Most recently, several studies have proposed data-driven forecast methods that use multi-site spatio-temporal historical data for PV forecasting without requiring NWP or cloud movement information [11,12,13,14,15,16,17,18,19]. Simple and fast multi-site forecasting techniques using linear autoregressive (AR) models are proposed in [11,12,13]. The work in [12] proposes a lasso regularization in the AR model to automatically select the input variables, while the work in [13] further develops the AR model into a local vector AR model with ridge regularization that considers local weather changes. However, nonlinear methods outperform the linear techniques for forecasting horizons longer than an hour ahead [20], and recent works have used advanced deep learning techniques to forecast multi-site PV power production for hourly horizons. Feed forward neural networks (FNN) [14] and long short-term memory (LSTM) networks [15,21] are proposed for multi-site spatio-temporal PV forecasting. Particularly, LSTMs have improved the forecasting accuracy since they are well suited for time-series forecasting by processing sequence information using internal gating mechanisms [22,23]. In addition, recent works use convolutional neural networks (CNN) [17,18,19] to learn the complex spatial dependencies of the production data and indirectly track cloud motion. By considering spatio-temporal relations, they can capture cloud cover and cloud movement, since passing clouds influence neighboring PV sites sequentially, thus yielding an improved forecasting accuracy. A limitation of all these techniques is that they rely on the availability of clean data for both training and forecasting.
Yet in real life, validation and cleaning of data from grid sensors is a prerequisite for any data-driven solution, which may be affected by measurement or transmission errors. Published solutions for PV rely on the knowledge of characteristics of the systems [24], which themselves may be faulty or missing.

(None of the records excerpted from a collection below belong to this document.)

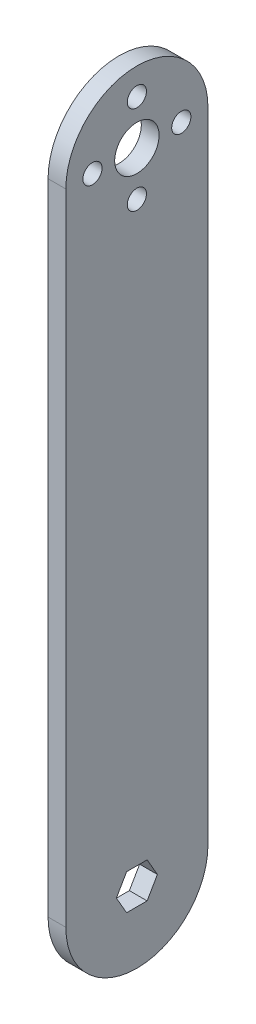
ISO-10303-21;
HEADER;
FILE_DESCRIPTION(('STEP AP214'),'2;1');
FILE_NAME('part.step','',(''),(''),'','','');
FILE_SCHEMA(('AUTOMOTIVE_DESIGN { 1 0 10303 214 1 1 1 1 }'));
ENDSEC;
DATA;
#1=APPLICATION_CONTEXT('core data for automotive mechanical design processes');
#2=APPLICATION_PROTOCOL_DEFINITION('international standard','automotive_design',2000,#1);
#3=PRODUCT_CONTEXT('',#1,'mechanical');
#4=PRODUCT('Part','Part','',(#3));
#5=PRODUCT_RELATED_PRODUCT_CATEGORY('part','',(#4));
#6=PRODUCT_DEFINITION_FORMATION('','',#4);
#7=PRODUCT_DEFINITION_CONTEXT('part definition',#1,'design');
#8=PRODUCT_DEFINITION('design','',#6,#7);
#9=PRODUCT_DEFINITION_SHAPE('','',#8);
#10=(LENGTH_UNIT() NAMED_UNIT(*) SI_UNIT(.MILLI.,.METRE.));
#11=(NAMED_UNIT(*) PLANE_ANGLE_UNIT() SI_UNIT($,.RADIAN.));
#12=(NAMED_UNIT(*) SI_UNIT($,.STERADIAN.) SOLID_ANGLE_UNIT());
#13=UNCERTAINTY_MEASURE_WITH_UNIT(LENGTH_MEASURE(1.E-05),#10,'distance_accuracy_value','');
#14=(GEOMETRIC_REPRESENTATION_CONTEXT(3) GLOBAL_UNCERTAINTY_ASSIGNED_CONTEXT((#13)) GLOBAL_UNIT_ASSIGNED_CONTEXT((#10,
#11,#12)) REPRESENTATION_CONTEXT('',''));
#15=CARTESIAN_POINT('',(0.,0.,0.));
#16=DIRECTION('',(0.,0.,1.));
#17=DIRECTION('',(1.,0.,0.));
#18=AXIS2_PLACEMENT_3D('',#15,#16,#17);
#19=CARTESIAN_POINT('',(6.35,228.6,0.));
#20=DIRECTION('',(1.,0.,0.));
#21=DIRECTION('',(0.,0.,-1.));
#22=AXIS2_PLACEMENT_3D('',#19,#20,#21);
#23=PLANE('',#22);
#24=CARTESIAN_POINT('',(6.35,244.475,0.));
#25=DIRECTION('',(1.,0.,0.));
#26=DIRECTION('',(0.,0.,-1.));
#27=AXIS2_PLACEMENT_3D('',#24,#25,#26);
#28=CIRCLE('',#27,3.42899999999999);
#29=CARTESIAN_POINT('',(6.35,244.475,-3.429));
#30=VERTEX_POINT('',#29);
#31=EDGE_CURVE('E339',#30,#30,#28,.T.);
#32=ORIENTED_EDGE('',*,*,#31,.F.);
#33=EDGE_LOOP('',(#32));
#34=FACE_BOUND('',#33,.T.);
#35=CARTESIAN_POINT('',(6.35,212.725,0.));
#36=DIRECTION('',(1.,0.,0.));
#37=DIRECTION('',(0.,0.,-1.));
#38=AXIS2_PLACEMENT_3D('',#35,#36,#37);
#39=CIRCLE('',#38,3.429);
#40=CARTESIAN_POINT('',(6.35,212.725,-3.429));
#41=VERTEX_POINT('',#40);
#42=EDGE_CURVE('E163',#41,#41,#39,.T.);
#43=ORIENTED_EDGE('',*,*,#42,.F.);
#44=EDGE_LOOP('',(#43));
#45=FACE_BOUND('',#44,.T.);
#46=CARTESIAN_POINT('',(6.35,228.6,0.));
#47=DIRECTION('',(1.,0.,0.));
#48=DIRECTION('',(0.,0.,-1.));
#49=AXIS2_PLACEMENT_3D('',#46,#47,#48);
#50=CIRCLE('',#49,25.4);
#51=CARTESIAN_POINT('',(6.35,228.6,-25.4));
#52=VERTEX_POINT('',#51);
#53=CARTESIAN_POINT('',(6.35,228.6,25.4));
#54=VERTEX_POINT('',#53);
#55=EDGE_CURVE('E201',#52,#54,#50,.T.);
#56=ORIENTED_EDGE('',*,*,#55,.T.);
#57=DIRECTION('',(0.,-1.,0.));
#58=VECTOR('',#57,1.);
#59=CARTESIAN_POINT('',(6.35,228.6,25.4));
#60=LINE('',#59,#58);
#61=CARTESIAN_POINT('',(6.35,0.,25.4));
#62=VERTEX_POINT('',#61);
#63=EDGE_CURVE('E205',#54,#62,#60,.T.);
#64=ORIENTED_EDGE('',*,*,#63,.T.);
#65=CARTESIAN_POINT('',(6.35,0.,0.));
#66=DIRECTION('',(1.,0.,0.));
#67=DIRECTION('',(0.,0.,-1.));
#68=AXIS2_PLACEMENT_3D('',#65,#66,#67);
#69=CIRCLE('',#68,25.4);
#70=CARTESIAN_POINT('',(6.35,0.,-25.4));
#71=VERTEX_POINT('',#70);
#72=EDGE_CURVE('E209',#62,#71,#69,.T.);
#73=ORIENTED_EDGE('',*,*,#72,.T.);
#74=DIRECTION('',(0.,1.,0.));
#75=VECTOR('',#74,1.);
#76=CARTESIAN_POINT('',(6.35,228.6,-25.4));
#77=LINE('',#76,#75);
#78=EDGE_CURVE('E212',#71,#52,#77,.T.);
#79=ORIENTED_EDGE('',*,*,#78,.T.);
#80=EDGE_LOOP('',(#56,#64,#73,#79));
#81=FACE_BOUND('',#80,.T.);
#82=CARTESIAN_POINT('',(6.35,228.6,0.));
#83=DIRECTION('',(1.,0.,0.));
#84=DIRECTION('',(0.,0.,-1.));
#85=AXIS2_PLACEMENT_3D('',#82,#83,#84);
#86=CIRCLE('',#85,7.93749999999999);
#87=CARTESIAN_POINT('',(6.35,228.6,-7.93749999999999));
#88=VERTEX_POINT('',#87);
#89=EDGE_CURVE('E193',#88,#88,#86,.T.);
#90=ORIENTED_EDGE('',*,*,#89,.F.);
#91=EDGE_LOOP('',(#90));
#92=FACE_BOUND('',#91,.T.);
#93=DIRECTION('',(0.,0.866025403784436,0.500000000000005));
#94=VECTOR('',#93,1.);
#95=CARTESIAN_POINT('',(6.35,0.,-7.33234841870825));
#96=LINE('',#95,#94);
#97=CARTESIAN_POINT('',(6.35,0.,-7.33234841870825));
#98=VERTEX_POINT('',#97);
#99=CARTESIAN_POINT('',(6.35,6.34999999999998,-3.66617420935409));
#100=VERTEX_POINT('',#99);
#101=EDGE_CURVE('E130',#98,#100,#96,.T.);
#102=ORIENTED_EDGE('',*,*,#101,.F.);
#103=DIRECTION('',(0.,0.866025403784439,-0.499999999999999));
#104=VECTOR('',#103,1.);
#105=CARTESIAN_POINT('',(6.35,-6.35,-3.66617420935412));
#106=LINE('',#105,#104);
#107=CARTESIAN_POINT('',(6.35,-6.35,-3.66617420935412));
#108=VERTEX_POINT('',#107);
#109=EDGE_CURVE('E121',#108,#98,#106,.T.);
#110=ORIENTED_EDGE('',*,*,#109,.F.);
#111=DIRECTION('',(0.,0.,-1.));
#112=VECTOR('',#111,1.);
#113=CARTESIAN_POINT('',(6.35,-6.35,3.66617420935405));
#114=LINE('',#113,#112);
#115=CARTESIAN_POINT('',(6.35,-6.34999999999999,3.66617420935405));
#116=VERTEX_POINT('',#115);
#117=EDGE_CURVE('E158',#116,#108,#114,.T.);
#118=ORIENTED_EDGE('',*,*,#117,.F.);
#119=DIRECTION('',(0.,-0.866025403784435,-0.500000000000007));
#120=VECTOR('',#119,1.);
#121=CARTESIAN_POINT('',(6.35,0.,7.33234841870821));
#122=LINE('',#121,#120);
#123=CARTESIAN_POINT('',(6.35,0.,7.33234841870821));
#124=VERTEX_POINT('',#123);
#125=EDGE_CURVE('E155',#124,#116,#122,.T.);
#126=ORIENTED_EDGE('',*,*,#125,.F.);
#127=DIRECTION('',(0.,-0.866025403784441,0.499999999999995));
#128=VECTOR('',#127,1.);
#129=CARTESIAN_POINT('',(6.35,6.34999999999995,3.66617420935413));
#130=LINE('',#129,#128);
#131=CARTESIAN_POINT('',(6.35,6.34999999999995,3.66617420935413));
#132=VERTEX_POINT('',#131);
#133=EDGE_CURVE('E149',#132,#124,#130,.T.);
#134=ORIENTED_EDGE('',*,*,#133,.F.);
#135=DIRECTION('',(0.,0.,1.));
#136=VECTOR('',#135,1.);
#137=CARTESIAN_POINT('',(6.35,6.34999999999998,-3.66617420935409));
#138=LINE('',#137,#136);
#139=EDGE_CURVE('E145',#100,#132,#138,.T.);
#140=ORIENTED_EDGE('',*,*,#139,.F.);
#141=EDGE_LOOP('',(#102,#110,#118,#126,#134,#140));
#142=FACE_BOUND('',#141,.T.);
#143=CARTESIAN_POINT('',(6.35,228.6,15.875));
#144=DIRECTION('',(1.,0.,0.));
#145=DIRECTION('',(0.,0.,-1.));
#146=AXIS2_PLACEMENT_3D('',#143,#144,#145);
#147=CIRCLE('',#146,3.42899999999999);
#148=CARTESIAN_POINT('',(6.35,228.6,12.446));
#149=VERTEX_POINT('',#148);
#150=EDGE_CURVE('E347',#149,#149,#147,.T.);
#151=ORIENTED_EDGE('',*,*,#150,.F.);
#152=EDGE_LOOP('',(#151));
#153=FACE_BOUND('',#152,.T.);
#154=CARTESIAN_POINT('',(6.35,228.6,-15.875));
#155=DIRECTION('',(1.,0.,0.));
#156=DIRECTION('',(0.,0.,-1.));
#157=AXIS2_PLACEMENT_3D('',#154,#155,#156);
#158=CIRCLE('',#157,3.42900000000001);
#159=CARTESIAN_POINT('',(6.35,228.6,-19.304));
#160=VERTEX_POINT('',#159);
#161=EDGE_CURVE('E328',#160,#160,#158,.T.);
#162=ORIENTED_EDGE('',*,*,#161,.F.);
#163=EDGE_LOOP('',(#162));
#164=FACE_BOUND('',#163,.T.);
#165=ADVANCED_FACE('F43',(#34,#45,#81,#92,#142,#153,#164),#23,.T.);
#166=CARTESIAN_POINT('',(0.,228.6,0.));
#167=DIRECTION('',(1.,0.,0.));
#168=DIRECTION('',(0.,0.,-1.));
#169=AXIS2_PLACEMENT_3D('',#166,#167,#168);
#170=PLANE('',#169);
#171=CARTESIAN_POINT('',(0.,228.6,0.));
#172=DIRECTION('',(1.,0.,0.));
#173=DIRECTION('',(0.,0.,-1.));
#174=AXIS2_PLACEMENT_3D('',#171,#172,#173);
#175=CIRCLE('',#174,7.93749999999999);
#176=CARTESIAN_POINT('',(0.,228.6,-7.93749999999999));
#177=VERTEX_POINT('',#176);
#178=EDGE_CURVE('E139',#177,#177,#175,.T.);
#179=ORIENTED_EDGE('',*,*,#178,.T.);
#180=EDGE_LOOP('',(#179));
#181=FACE_BOUND('',#180,.T.);
#182=CARTESIAN_POINT('',(0.,228.6,0.));
#183=DIRECTION('',(1.,0.,0.));
#184=DIRECTION('',(0.,0.,-1.));
#185=AXIS2_PLACEMENT_3D('',#182,#183,#184);
#186=CIRCLE('',#185,25.4);
#187=CARTESIAN_POINT('',(0.,228.6,-25.4));
#188=VERTEX_POINT('',#187);
#189=CARTESIAN_POINT('',(0.,228.6,25.4));
#190=VERTEX_POINT('',#189);
#191=EDGE_CURVE('E197',#188,#190,#186,.T.);
#192=ORIENTED_EDGE('',*,*,#191,.F.);
#193=DIRECTION('',(0.,1.,0.));
#194=VECTOR('',#193,1.);
#195=CARTESIAN_POINT('',(0.,228.6,-25.4));
#196=LINE('',#195,#194);
#197=CARTESIAN_POINT('',(0.,0.,-25.4));
#198=VERTEX_POINT('',#197);
#199=EDGE_CURVE('E206',#198,#188,#196,.T.);
#200=ORIENTED_EDGE('',*,*,#199,.F.);
#201=CARTESIAN_POINT('',(0.,0.,0.));
#202=DIRECTION('',(1.,0.,0.));
#203=DIRECTION('',(0.,0.,-1.));
#204=AXIS2_PLACEMENT_3D('',#201,#202,#203);
#205=CIRCLE('',#204,25.4);
#206=CARTESIAN_POINT('',(0.,0.,25.4));
#207=VERTEX_POINT('',#206);
#208=EDGE_CURVE('E222',#207,#198,#205,.T.);
#209=ORIENTED_EDGE('',*,*,#208,.F.);
#210=DIRECTION('',(0.,-1.,0.));
#211=VECTOR('',#210,1.);
#212=CARTESIAN_POINT('',(0.,228.6,25.4));
#213=LINE('',#212,#211);
#214=EDGE_CURVE('E219',#190,#207,#213,.T.);
#215=ORIENTED_EDGE('',*,*,#214,.F.);
#216=EDGE_LOOP('',(#192,#200,#209,#215));
#217=FACE_BOUND('',#216,.T.);
#218=DIRECTION('',(0.,0.866025403784439,-0.499999999999999));
#219=VECTOR('',#218,1.);
#220=CARTESIAN_POINT('',(0.,-6.35,-3.66617420935412));
#221=LINE('',#220,#219);
#222=CARTESIAN_POINT('',(0.,-6.35,-3.66617420935412));
#223=VERTEX_POINT('',#222);
#224=CARTESIAN_POINT('',(0.,0.,-7.33234841870825));
#225=VERTEX_POINT('',#224);
#226=EDGE_CURVE('E67',#223,#225,#221,.T.);
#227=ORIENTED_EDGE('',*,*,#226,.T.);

The work of [25] proposed a processing pipeline that takes into account data cleaning and treatment of missing data. They propose to fill the missing gaps by finding a representative PV signal from the same geographical area and replacing the missing segment by the representative signal. The work in [26] proposed a low-rank tensor learning scheme to reconstruct the missing gaps. The low-rank tensor model implicitly considers the spatio-temporal correlations of multi-site PV production signals. However, none of the aforementioned works consider a spatial model for the non-regular spatial distribution of PV plants, thus they do not fully exploit the spatio-temporal correlations of PV production signals to reconstruct the missing segments.
In this paper, we propose a robust framework for multi-site PV forecasting, which can cope with incomplete and noisy data. The proposed forecasting approach is based on a linear spatio-temporal autoregressive (ST-AR) model that only uses past production data from neighboring systems to predict the production of a specific plant. The underlying idea is that temporal correlation between the outputs of PV systems is linked with their spatial relationship, and that PV systems can effectively be used as ground-level weather stations to forecast the production of their neighbors. In order to learn the ST-AR model, we use a group Lasso estimator to automatically select the most informative nodes for prediction as well as to estimate their coefficients. To address the problem of incomplete and noisy data, we propose a graph-based method to preprocess the input data to the ST-AR forecast model. Our method is based on building a graph model to capture the spatial dependencies among the PV systems and exploit the spatio-temporal relations to reconstruct the missing parts of the data. The ST-AR model is enhanced by a novel, data-driven method to calculate the clear-sky performance of PV systems, which takes into account the effects of their local environment and physics. The proposed framework was evaluated in two data sets for an entire year: (1) production data from 303 real PV systems, and (2) simulated production of 1000 PV systems, in both cases distributed over Switzerland.
The organization of the remainder of the paper is as follows. Section 2 presents the proposed robust framework for PV production forecasting and details both the graph-based reconstruction and forecasting methods. Results for PV signal reconstruction and forecasting are presented in Section 3. Finally, we conclude in Section 4 with a discussion of the results and future directions.

2. Methods

In this section, we present the proposed robust framework for PV production forecasting. Figure 1 depicts a block diagram of the framework. The gap reconstruction and preprocessing module filters the data (i.e., fills the gaps from missing data as well as removes noise) and preprocesses the data (normalization and de-trending) such that its output is in the correct form for the learning or the forecast modules. The learning module learns the graph models used for forecasting from historical data. Finally, the forecast module provides a forecast of the PV production over each point in the area based on the learned models and the cleaned data.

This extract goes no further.